━━ GIVEN DATA ━━

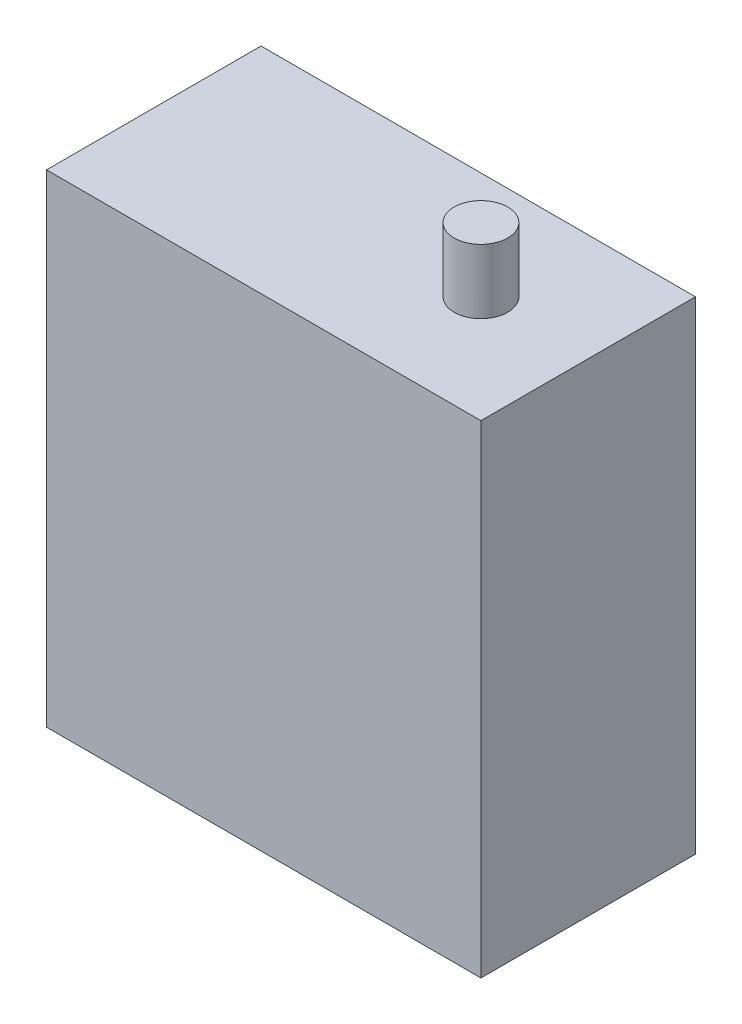
ISO-10303-21;
HEADER;
FILE_DESCRIPTION(('STEP AP214'),'2;1');
FILE_NAME('part.step','',(''),(''),'','','');
FILE_SCHEMA(('AUTOMOTIVE_DESIGN { 1 0 10303 214 1 1 1 1 }'));
ENDSEC;
DATA;
#1=APPLICATION_CONTEXT('core data for automotive mechanical design processes');
#2=APPLICATION_PROTOCOL_DEFINITION('international standard','automotive_design',2000,#1);
#3=PRODUCT_CONTEXT('',#1,'mechanical');
#4=PRODUCT('Part','Part','',(#3));
#5=PRODUCT_RELATED_PRODUCT_CATEGORY('part','',(#4));
#6=PRODUCT_DEFINITION_FORMATION('','',#4);
#7=PRODUCT_DEFINITION_CONTEXT('part definition',#1,'design');
#8=PRODUCT_DEFINITION('design','',#6,#7);
#9=PRODUCT_DEFINITION_SHAPE('','',#8);
#10=(LENGTH_UNIT() NAMED_UNIT(*) SI_UNIT(.MILLI.,.METRE.));
#11=(NAMED_UNIT(*) PLANE_ANGLE_UNIT() SI_UNIT($,.RADIAN.));
#12=(NAMED_UNIT(*) SI_UNIT($,.STERADIAN.) SOLID_ANGLE_UNIT());
#13=UNCERTAINTY_MEASURE_WITH_UNIT(LENGTH_MEASURE(1.E-05),#10,'distance_accuracy_value','');
#14=(GEOMETRIC_REPRESENTATION_CONTEXT(3) GLOBAL_UNCERTAINTY_ASSIGNED_CONTEXT((#13)) GLOBAL_UNIT_ASSIGNED_CONTEXT((#10,
#11,#12)) REPRESENTATION_CONTEXT('',''));
#15=CARTESIAN_POINT('',(0.,0.,0.));
#16=DIRECTION('',(0.,0.,1.));
#17=DIRECTION('',(1.,0.,0.));
#18=AXIS2_PLACEMENT_3D('',#15,#16,#17);
#19=CARTESIAN_POINT('',(20.25,22.5,20.));
#20=DIRECTION('',(-1.,0.,0.));
#21=DIRECTION('',(0.,-1.,0.));
#22=AXIS2_PLACEMENT_3D('',#19,#20,#21);
#23=PLANE('',#22);
#24=DIRECTION('',(0.,1.,0.));
#25=VECTOR('',#24,1.);
#26=CARTESIAN_POINT('',(20.25,22.5,0.));
#27=LINE('',#26,#25);
#28=CARTESIAN_POINT('',(20.25,-22.5,0.));
#29=VERTEX_POINT('',#28);
#30=CARTESIAN_POINT('',(20.25,22.5,0.));
#31=VERTEX_POINT('',#30);
#32=EDGE_CURVE('E116',#29,#31,#27,.T.);
#33=ORIENTED_EDGE('',*,*,#32,.T.);
#34=DIRECTION('',(0.,0.,-1.));
#35=VECTOR('',#34,1.);
#36=CARTESIAN_POINT('',(20.25,22.5,20.));
#37=LINE('',#36,#35);
#38=CARTESIAN_POINT('',(20.25,22.5,20.));
#39=VERTEX_POINT('',#38);
#40=EDGE_CURVE('E54',#39,#31,#37,.T.);
#41=ORIENTED_EDGE('',*,*,#40,.F.);
#42=DIRECTION('',(0.,1.,0.));
#43=VECTOR('',#42,1.);
#44=CARTESIAN_POINT('',(20.25,22.5,20.));
#45=LINE('',#44,#43);
#46=CARTESIAN_POINT('',(20.25,-22.5,20.));
#47=VERTEX_POINT('',#46);
#48=EDGE_CURVE('E98',#47,#39,#45,.T.);
#49=ORIENTED_EDGE('',*,*,#48,.F.);
#50=DIRECTION('',(0.,0.,-1.));
#51=VECTOR('',#50,1.);
#52=CARTESIAN_POINT('',(20.25,-22.5,20.));
#53=LINE('',#52,#51);
#54=EDGE_CURVE('E112',#47,#29,#53,.T.);
#55=ORIENTED_EDGE('',*,*,#54,.T.);
#56=EDGE_LOOP('',(#33,#41,#49,#55));
#57=FACE_BOUND('',#56,.T.);
#58=ADVANCED_FACE('F45',(#57),#23,.F.);
#59=CARTESIAN_POINT('',(-20.25,22.5,20.));
#60=DIRECTION('',(0.,-1.,0.));
#61=DIRECTION('',(0.,0.,-1.));
#62=AXIS2_PLACEMENT_3D('',#59,#60,#61);
#63=PLANE('',#62);
#64=CARTESIAN_POINT('',(10.25,22.5,10.));
#65=DIRECTION('',(0.,-1.,0.));
#66=DIRECTION('',(0.,0.,-1.));
#67=AXIS2_PLACEMENT_3D('',#64,#65,#66);
#68=CIRCLE('',#67,2.5);
#69=CARTESIAN_POINT('',(10.25,22.5,7.5));
#70=VERTEX_POINT('',#69);
#71=EDGE_CURVE('E11',#70,#70,#68,.F.);
#72=ORIENTED_EDGE('',*,*,#71,.F.);
#73=EDGE_LOOP('',(#72));
#74=FACE_BOUND('',#73,.T.);
#75=DIRECTION('',(-1.,0.,0.));
#76=VECTOR('',#75,1.);
#77=CARTESIAN_POINT('',(-20.25,22.5,0.));
#78=LINE('',#77,#76);
#79=CARTESIAN_POINT('',(-20.25,22.5,0.));
#80=VERTEX_POINT('',#79);
#81=EDGE_CURVE('E104',#31,#80,#78,.T.);
#82=ORIENTED_EDGE('',*,*,#81,.T.);
#83=DIRECTION('',(0.,0.,-1.));
#84=VECTOR('',#83,1.);
#85=CARTESIAN_POINT('',(-20.25,22.5,20.));
#86=LINE('',#85,#84);
#87=CARTESIAN_POINT('',(-20.25,22.5,20.));
#88=VERTEX_POINT('',#87);
#89=EDGE_CURVE('E102',#88,#80,#86,.T.);
#90=ORIENTED_EDGE('',*,*,#89,.F.);
#91=DIRECTION('',(-1.,0.,0.));
#92=VECTOR('',#91,1.);
#93=CARTESIAN_POINT('',(-20.25,22.5,20.));
#94=LINE('',#93,#92);
#95=EDGE_CURVE('E93',#39,#88,#94,.T.);
#96=ORIENTED_EDGE('',*,*,#95,.F.);
#97=ORIENTED_EDGE('',*,*,#40,.T.);
#98=EDGE_LOOP('',(#82,#90,#96,#97));
#99=FACE_BOUND('',#98,.T.);
#100=ADVANCED_FACE('F103',(#74,#99),#63,.F.);
#101=CARTESIAN_POINT('',(-20.25,22.5,20.));
#102=DIRECTION('',(1.,0.,0.));
#103=DIRECTION('',(0.,0.,-1.));
#104=AXIS2_PLACEMENT_3D('',#101,#102,#103);
#105=PLANE('',#104);
#106=DIRECTION('',(0.,-1.,0.));
#107=VECTOR('',#106,1.);
#108=CARTESIAN_POINT('',(-20.25,22.5,0.));
#109=LINE('',#108,#107);
#110=CARTESIAN_POINT('',(-20.25,-22.5,0.));
#111=VERTEX_POINT('',#110);
#112=EDGE_CURVE('E79',#80,#111,#109,.T.);
#113=ORIENTED_EDGE('',*,*,#112,.T.);
#114=DIRECTION('',(0.,0.,-1.));
#115=VECTOR('',#114,1.);
#116=CARTESIAN_POINT('',(-20.25,-22.5,20.));
#117=LINE('',#116,#115);
#118=CARTESIAN_POINT('',(-20.25,-22.5,20.));
#119=VERTEX_POINT('',#118);
#120=EDGE_CURVE('E106',#119,#111,#117,.T.);
#121=ORIENTED_EDGE('',*,*,#120,.F.);
#122=DIRECTION('',(0.,-1.,0.));
#123=VECTOR('',#122,1.);
#124=CARTESIAN_POINT('',(-20.25,22.5,20.));
#125=LINE('',#124,#123);
#126=EDGE_CURVE('E96',#88,#119,#125,.T.);
#127=ORIENTED_EDGE('',*,*,#126,.F.);
#128=ORIENTED_EDGE('',*,*,#89,.T.);
#129=EDGE_LOOP('',(#113,#121,#127,#128));
#130=FACE_BOUND('',#129,.T.);
#131=ADVANCED_FACE('F108',(#130),#105,.F.);
#132=CARTESIAN_POINT('',(-20.25,-22.5,20.));
#133=DIRECTION('',(0.,1.,0.));
#134=DIRECTION('',(0.,0.,1.));
#135=AXIS2_PLACEMENT_3D('',#132,#133,#134);
#136=PLANE('',#135);
#137=CARTESIAN_POINT('',(0.,-22.5,10.));
#138=DIRECTION('',(0.,-1.,0.));
#139=DIRECTION('',(0.,0.,-1.));
#140=AXIS2_PLACEMENT_3D('',#137,#138,#139);
#141=CIRCLE('',#140,2.54845028746618);
#142=CARTESIAN_POINT('',(0.,-22.5,7.45154971253382));
#143=VERTEX_POINT('',#142);
#144=EDGE_CURVE('E166',#143,#143,#141,.T.);
#145=ORIENTED_EDGE('',*,*,#144,.F.);
#146=EDGE_LOOP('',(#145));
#147=FACE_BOUND('',#146,.T.);
#148=DIRECTION('',(1.,0.,0.));
#149=VECTOR('',#148,1.);
#150=CARTESIAN_POINT('',(-20.25,-22.5,0.));
#151=LINE('',#150,#149);
#152=EDGE_CURVE('E85',#111,#29,#151,.T.);
#153=ORIENTED_EDGE('',*,*,#152,.T.);
#154=ORIENTED_EDGE('',*,*,#54,.F.);
#155=DIRECTION('',(1.,0.,0.));
#156=VECTOR('',#155,1.);
#157=CARTESIAN_POINT('',(-20.25,-22.5,20.));
#158=LINE('',#157,#156);
#159=EDGE_CURVE('E62',#119,#47,#158,.T.);
#160=ORIENTED_EDGE('',*,*,#159,.F.);
#161=ORIENTED_EDGE('',*,*,#120,.T.);
#162=EDGE_LOOP('',(#153,#154,#160,#161));
#163=FACE_BOUND('',#162,.T.);
#164=ADVANCED_FACE('F146',(#147,#163),#136,.F.);
#165=CARTESIAN_POINT('',(0.,0.,20.));
#166=DIRECTION('',(0.,0.,1.));
#167=DIRECTION('',(1.,0.,0.));
#168=AXIS2_PLACEMENT_3D('',#165,#166,#167);
#169=PLANE('',#168);
#170=ORIENTED_EDGE('',*,*,#48,.T.);
#171=ORIENTED_EDGE('',*,*,#95,.T.);
#172=ORIENTED_EDGE('',*,*,#126,.T.);
#173=ORIENTED_EDGE('',*,*,#159,.T.);
#174=EDGE_LOOP('',(#170,#171,#172,#173));
#175=FACE_BOUND('',#174,.T.);
#176=ADVANCED_FACE('F94',(#175),#169,.T.);
#177=CARTESIAN_POINT('',(0.,0.,0.));
#178=DIRECTION('',(0.,0.,1.));
#179=DIRECTION('',(1.,0.,0.));
#180=AXIS2_PLACEMENT_3D('',#177,#178,#179);
#181=PLANE('',#180);
#182=ORIENTED_EDGE('',*,*,#32,.F.);
#183=ORIENTED_EDGE('',*,*,#152,.F.);
#184=ORIENTED_EDGE('',*,*,#112,.F.);
#185=ORIENTED_EDGE('',*,*,#81,.F.);
#186=EDGE_LOOP('',(#182,#183,#184,#185));
#187=FACE_BOUND('',#186,.T.);
#188=ADVANCED_FACE('F134',(#187),#181,.F.);
#189=CARTESIAN_POINT('',(10.25,28.5,10.));
#190=DIRECTION('',(0.,-1.,0.));
#191=DIRECTION('',(0.,0.,-1.));
#192=AXIS2_PLACEMENT_3D('',#189,#190,#191);
#193=CYLINDRICAL_SURFACE('',#192,2.5);
#194=CARTESIAN_POINT('',(10.25,28.5,10.));
#195=DIRECTION('',(0.,1.,0.));
#196=DIRECTION('',(0.,0.,1.));
#197=AXIS2_PLACEMENT_3D('',#194,#195,#196);
#198=CIRCLE('',#197,2.5);
#199=CARTESIAN_POINT('',(10.25,28.5,12.5));
#200=VERTEX_POINT('',#199);
#201=EDGE_CURVE('E120',#200,#200,#198,.T.);
#202=ORIENTED_EDGE('',*,*,#201,.F.);
#203=EDGE_LOOP('',(#202));
#204=FACE_BOUND('',#203,.T.);
#205=ORIENTED_EDGE('',*,*,#71,.T.);
#206=EDGE_LOOP('',(#205));
#207=FACE_BOUND('',#206,.T.);
#208=ADVANCED_FACE('F136',(#204,#207),#193,.T.);
#209=CARTESIAN_POINT('',(10.25,28.5,10.));
#210=DIRECTION('',(0.,1.,0.));
#211=DIRECTION('',(0.,0.,1.));
#212=AXIS2_PLACEMENT_3D('',#209,#210,#211);
#213=PLANE('',#212);
#214=ORIENTED_EDGE('',*,*,#201,.T.);
#215=EDGE_LOOP('',(#214));
#216=FACE_BOUND('',#215,.T.);
#217=ADVANCED_FACE('F143',(#216),#213,.T.);
#218=CARTESIAN_POINT('',(0.,-12.5,10.));
#219=DIRECTION('',(0.,-1.,0.));
#220=DIRECTION('',(0.,0.,-1.));
#221=AXIS2_PLACEMENT_3D('',#218,#219,#220);
#222=CYLINDRICAL_SURFACE('',#221,2.54845028746618);
#223=CARTESIAN_POINT('',(0.,-12.5,10.));
#224=DIRECTION('',(0.,-1.,0.));
#225=DIRECTION('',(0.,0.,-1.));
#226=AXIS2_PLACEMENT_3D('',#223,#224,#225);
#227=CIRCLE('',#226,2.54845028746618);
#228=CARTESIAN_POINT('',(0.,-12.5,7.45154971253382));
#229=VERTEX_POINT('',#228);
#230=EDGE_CURVE('E169',#229,#229,#227,.T.);
#231=ORIENTED_EDGE('',*,*,#230,.F.);
#232=EDGE_LOOP('',(#231));
#233=FACE_BOUND('',#232,.T.);
#234=ORIENTED_EDGE('',*,*,#144,.T.);
#235=EDGE_LOOP('',(#234));
#236=FACE_BOUND('',#235,.T.);
#237=ADVANCED_FACE('F181',(#233,#236),#222,.F.);
#238=CARTESIAN_POINT('',(0.,-12.5,10.));
#239=DIRECTION('',(0.,-1.,0.));
#240=DIRECTION('',(0.,0.,-1.));
#241=AXIS2_PLACEMENT_3D('',#238,#239,#240);
#242=PLANE('',#241);
#243=ORIENTED_EDGE('',*,*,#230,.T.);
#244=EDGE_LOOP('',(#243));
#245=FACE_BOUND('',#244,.T.);
#246=ADVANCED_FACE('F185',(#245),#242,.T.);
#247=CLOSED_SHELL('',(#58,#100,#131,#164,#176,#188,#208,#217,#237,#246));
#248=MANIFOLD_SOLID_BREP('B2',#247);
#249=ADVANCED_BREP_SHAPE_REPRESENTATION('',(#18,#248),#14);
#250=SHAPE_DEFINITION_REPRESENTATION(#9,#249);
ENDSEC;
END-ISO-10303-21;

━━━

- _YOUR INSTRUCTIONS_
Exactly the lines above from the one with "#219=DIRECTION('',(0.,-1.,0.));" to the one with "#226=AXIS2_PLACEMENT_3D('',#223,#224,#225);", both included, are to be quoted; leave the rest out.

- _RESPONSE TO THIS TASK_
#219=DIRECTION('',(0.,-1.,0.));
#220=DIRECTION('',(0.,0.,-1.));
#221=AXIS2_PLACEMENT_3D('',#218,#219,#220);
#222=CYLINDRICAL_SURFACE('',#221,2.54845028746618);
#223=CARTESIAN_POINT('',(0.,-12.5,10.));
#224=DIRECTION('',(0.,-1.,0.));
#225=DIRECTION('',(0.,0.,-1.));
#226=AXIS2_PLACEMENT_3D('',#223,#224,#225);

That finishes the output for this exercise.